- **Required action**:
Find the lines in the listing below that include the word "MOUNT", and report how many there are, with nothing more.

- **Data to process**:
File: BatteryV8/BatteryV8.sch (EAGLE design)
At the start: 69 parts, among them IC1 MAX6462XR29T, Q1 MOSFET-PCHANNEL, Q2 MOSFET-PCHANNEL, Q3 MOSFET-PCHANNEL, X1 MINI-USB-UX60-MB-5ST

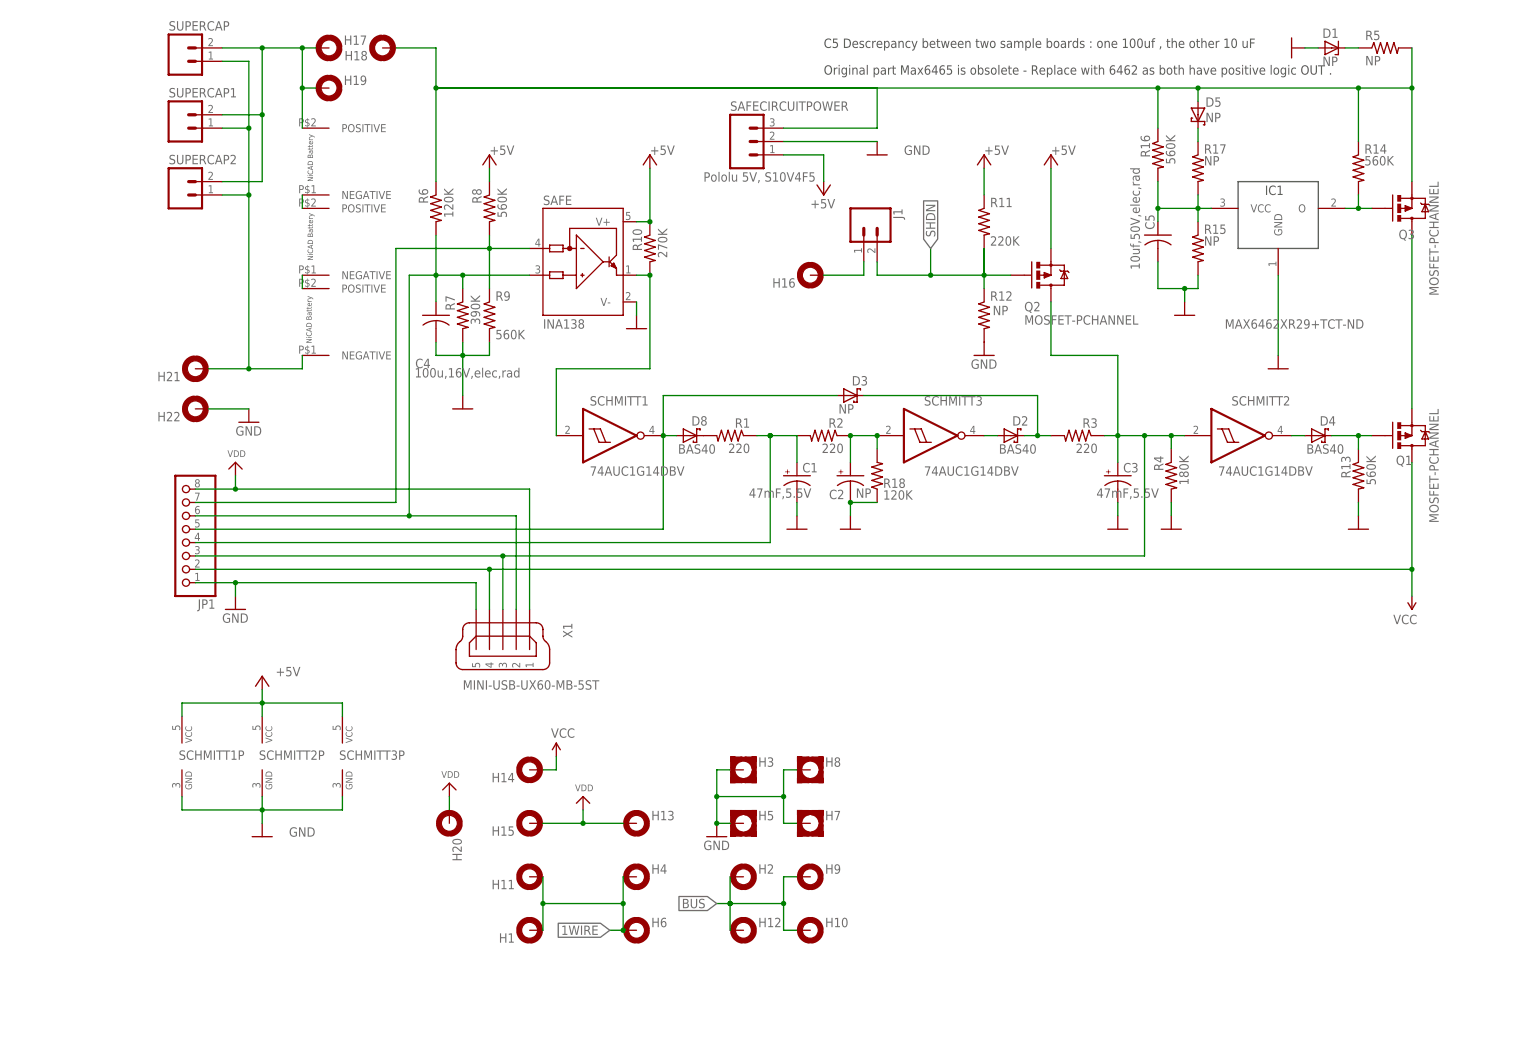
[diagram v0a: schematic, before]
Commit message: updated schematics and BOM with notes in the course of assembling the 3 main PCBs
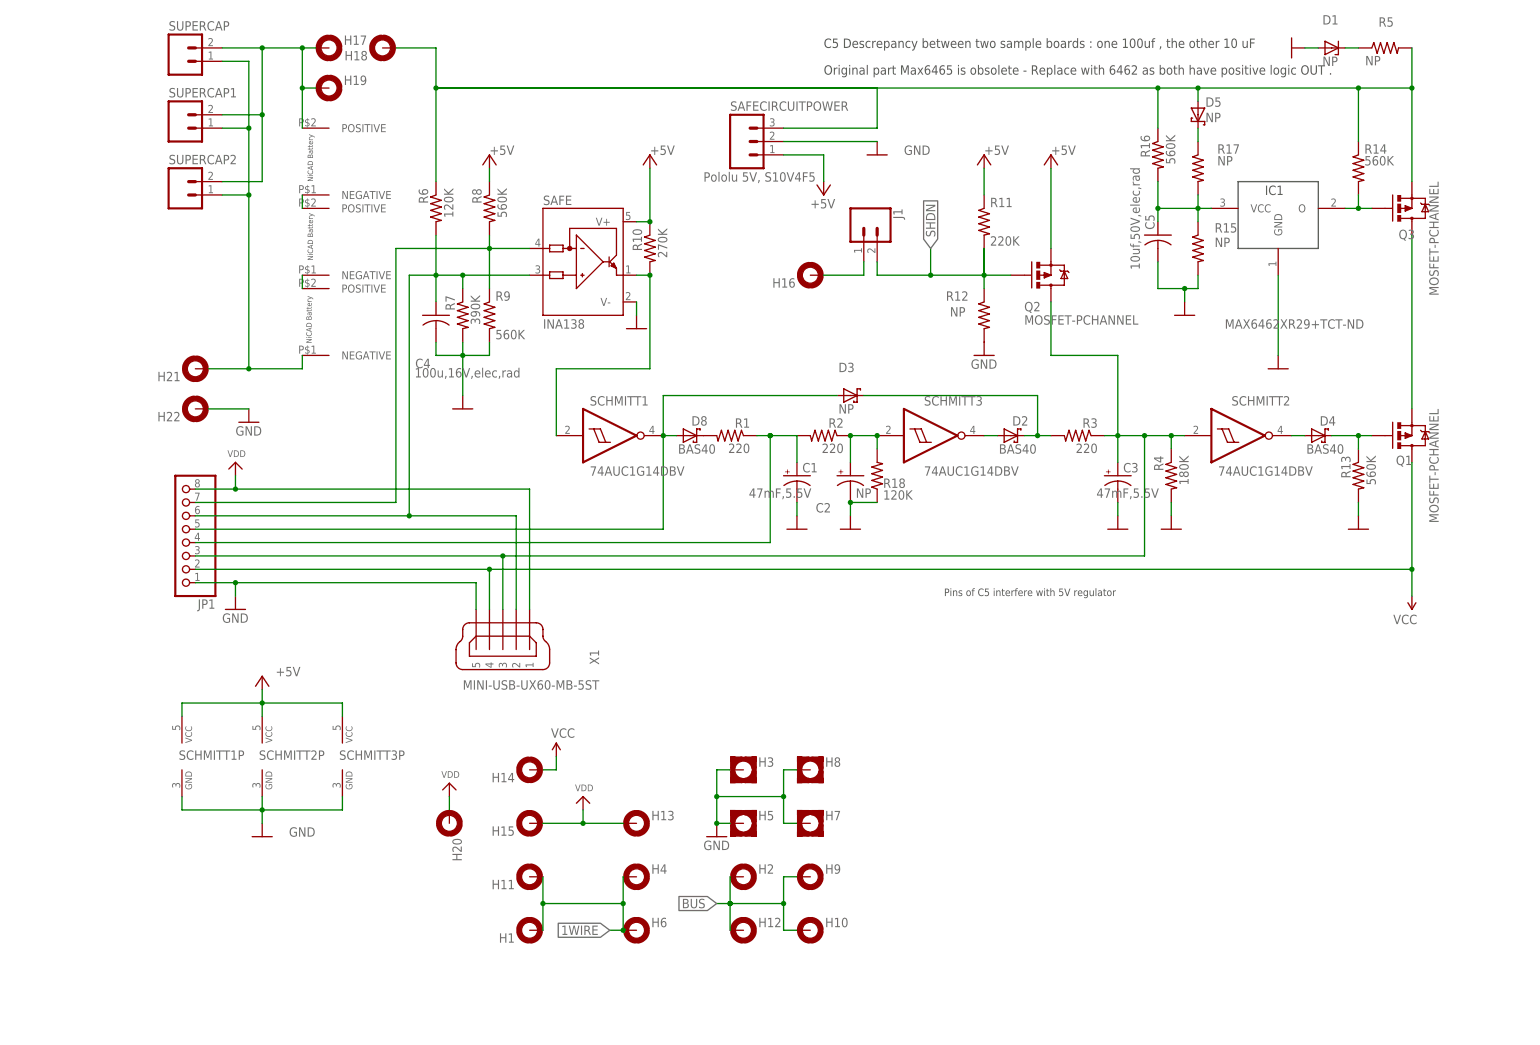
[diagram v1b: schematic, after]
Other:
- note added: "Pins of C5 interfere with 5V regulator"
- note removed: "Pins of C5 interfere with 3.3V regulator"
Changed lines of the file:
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@@
 <rectangle x1="53.34" y1="58.42" x2="81.28" y2="71.12" layer="117"/>
 <text x="149.86" y="68.58" size="1.4224" layer="117">Battery solder pads are too narrow for battery -- Potential for short on + </text>
-<text x="149.86" y="73.66" size="1.4224" layer="117">Pins of C5 interfere with 3.3V regulator</text>
+<text x="149.86" y="73.66" size="1.4224" layer="97">Pins of C5 interfere with 5V regulator</text>
 <text x="149.86" y="66.04" size="1.4224" layer="117">Add revision info to PCB</text>
 <text x="149.86" y="63.5" size="1.4224" layer="117">Footpringt for C4,C5 incorrect</text>
@@
 </instance>
 <instance part="C2" gate="G$1" x="132.08" y="96.52" smashed="yes">
-<attribute name="NAME" x="128.016" y="92.075" size="1.778" layer="95"/>
+<attribute name="NAME" x="125.476" y="89.535" size="1.778" layer="95"/>
 <attribute name="VALUE" x="133.096" y="92.329" size="1.778" layer="96"/>
 </instance>
@@
 </instance>
 <instance part="R12" gate="G$1" x="157.48" y="127" smashed="yes" rot="MR270">
-<attribute name="NAME" x="158.5976" y="129.7686" size="1.778" layer="95" rot="MR0" align="bottom-right"/>
-<attribute name="VALUE" x="159.1056" y="128.8034" size="1.778" layer="96" rot="MR0" align="top-right"/>
+<attribute name="NAME" x="150.2156" y="129.7686" size="1.778" layer="95" rot="MR0" align="bottom-right"/>
+<attribute name="VALUE" x="150.9776" y="128.5494" size="1.778" layer="96" rot="MR0" align="top-right"/>
 </instance>
 <instance part="+3V6" gate="G$1" x="157.48" y="157.48" smashed="yes"/>
 <instance part="X1" gate="G$1" x="66.04" y="66.04" smashed="yes" rot="R270">
-<attribute name="NAME" x="77.47" y="68.58" size="1.778" layer="95" rot="R270"/>
+<attribute name="NAME" x="82.55" y="63.5" size="1.778" layer="95" rot="R270"/>
 <attribute name="VALUE" x="58.42" y="55.88" size="1.778" layer="96"/>
 </instance>
@@
 <instance part="GND10" gate="1" x="58.42" y="109.22" smashed="yes"/>
 <instance part="R5" gate="G$1" x="233.68" y="177.8" smashed="yes">
-<attribute name="NAME" x="229.87" y="179.2986" size="1.778" layer="95"/>
+<attribute name="NAME" x="232.41" y="181.8386" size="1.778" layer="95"/>
 <attribute name="VALUE" x="229.87" y="174.498" size="1.778" layer="96"/>
 </instance>
 <instance part="D1" gate="1" x="223.52" y="177.8" smashed="yes">
-<attribute name="NAME" x="221.742" y="179.705" size="1.778" layer="95"/>
+<attribute name="NAME" x="221.742" y="182.245" size="1.778" layer="95"/>
 <attribute name="VALUE" x="221.742" y="174.371" size="1.778" layer="96"/>
 </instance>
@@
 </instance>
 <instance part="D3" gate="1" x="132.08" y="111.76" smashed="yes">
-<attribute name="NAME" x="132.334" y="113.665" size="1.778" layer="95"/>
+<attribute name="NAME" x="129.794" y="116.205" size="1.778" layer="95"/>
 <attribute name="VALUE" x="129.794" y="108.331" size="1.778" layer="96"/>
 <attribute name="DIGIKEY" x="132.08" y="111.76" size="1.778" layer="96" display="off"/>
@@
 </instance>
 <instance part="R15" gate="G$1" x="198.12" y="139.7" smashed="yes" rot="MR270">
-<attribute name="NAME" x="199.2376" y="142.4686" size="1.778" layer="95" rot="MR0" align="bottom-right"/>
-<attribute name="VALUE" x="199.2376" y="142.0114" size="1.778" layer="96" rot="MR0" align="top-right"/>
+<attribute name="NAME" x="201.2696" y="142.7226" size="1.778" layer="95" rot="MR0" align="bottom-right"/>
+<attribute name="VALUE" x="201.2696" y="141.7574" size="1.778" layer="96" rot="MR0" align="top-right"/>
 </instance>
 <instance part="C5" gate="G$1" x="190.5" y="142.24" smashed="yes">
@@
 </instance>
 <instance part="R17" gate="G$1" x="198.12" y="154.94" smashed="yes" rot="MR270">
-<attribute name="NAME" x="199.2376" y="157.7086" size="1.778" layer="95" rot="MR0" align="bottom-right"/>
-<attribute name="VALUE" x="199.2376" y="157.2514" size="1.778" layer="96" rot="MR0" align="top-right"/>
+<attribute name="NAME" x="201.7776" y="157.7086" size="1.778" layer="95" rot="MR0" align="bottom-right"/>
+<attribute name="VALUE" x="201.7776" y="157.2514" size="1.778" layer="96" rot="MR0" align="top-right"/>
 </instance>
 <instance part="J1" gate="G$1" x="134.62" y="144.78" smashed="yes" rot="R270">

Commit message: Modified schematic and BOM to represent actual board - Smitt triggers. Extracted library elements from schematic and created two local libraries with all the non standard or modified elements used on the board. Circuit analysis and write up of functional spec.
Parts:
- removed SAFECIRCUITPOWER: Pololu 5V, S10V4F5, SparkFun-Connectors:M03PTH
- added SAFECIRCUITPWR: (no value), pinhead:PINHD-1X3
- C1, C2, C3: device adafruit:CPOL-US153CLV-1010 -> rcl:CPOL-US153CLV-1010
- IC1: device EdgeCube:MAX6465 -> BatteryV8:EDGECUBE_MAX6465
- J1: device SparkFun-Connectors:CONN_02 -> pinhead:PINHD-1X2
- Q1, Q2, Q3: value MOSFET-PCHANNEL -> MOSFET P-CH; device SparkFun-DiscreteSemi:MOSFET-PCHANNEL -> SparkFun-DiscreteSemi:MOSFET_PCH-SI2309DS
- R1, R10, R11, R12, R13, R14, R15, R16, R17, R2, R3, R4, R6, R7, R8, R9: device adafruit:R-US_M0805 -> rcl:R-US_R0805
- R18: device rcl:R-US_0207/10 -> rcl:R-US_R0805
- R5: value NP -> 9999
- SCHMITT1: value 74AUC1G14DBV -> SN74LVC1G14DBVR; DIGIKET 296-12880-1-ND -> 296-11607-1-ND; TOPMARK C175 -> U14F,U14R
- SCHMITT2, SCHMITT3: value 74AUC1G14DBV -> 74LVC1G17DBV; device 74xx-little-us:74AUC1G14DBV -> 74xx-little-us:74LVC1G17DBV; DIGIKEY 296-12880-1-ND -> 296-11933-1-ND
- SUPERCAP, SUPERCAP1, SUPERCAP2: device SparkFun-Connectors:M02PTH -> pinhead:PINHD-1X2
- U$5, U$6, U$7: value AA-BATT -> JST-WATCH_AA-BATT; device JST-Watch:AA-BATT -> BatteryV8:JST-WATCH_AA-BATT
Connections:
- removed net N$22: D5.A, H18.MOUNT, Q3.S, R14.1, R16.1, R5.2, R6.1, SAFECIRCUITPOWER.3
- new net V-BATTERY: D5.A, H18.MOUNT, Q3.S, R14.1, R16.1, R5.2, R6.1, SAFECIRCUITPWR.3
- net +5V: now also SAFECIRCUITPWR.1; no longer SAFECIRCUITPOWER.1
- net GND: now also SAFECIRCUITPWR.2; no longer SAFECIRCUITPOWER.2
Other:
- note added: "A "Low" on Q1 closes the switch"
- note added: "A "Low" on Q3 closes the switch"
- note added: "C5 Discrepancy between two sample boards : one 100uf , the other 10 uF"
- note added: "Measured timing: C1: 6seconds /50 minutes C3: 6seconds/105 minutes C4: initial 12 seconds"
- note added: "Pololu 5V regulator"
- note added: "TC 12Sec"
- note added: "V-thresh 3.26V"
- note added: "normal op = high"
- note removed: "C5 Descrepancy between two sample boards : one 100uf , the other 10 uF"
- moved on the sheet: H14, H18, H20, J1, SUPERCAP, SUPERCAP1, SUPERCAP2

- **Task answer**:
2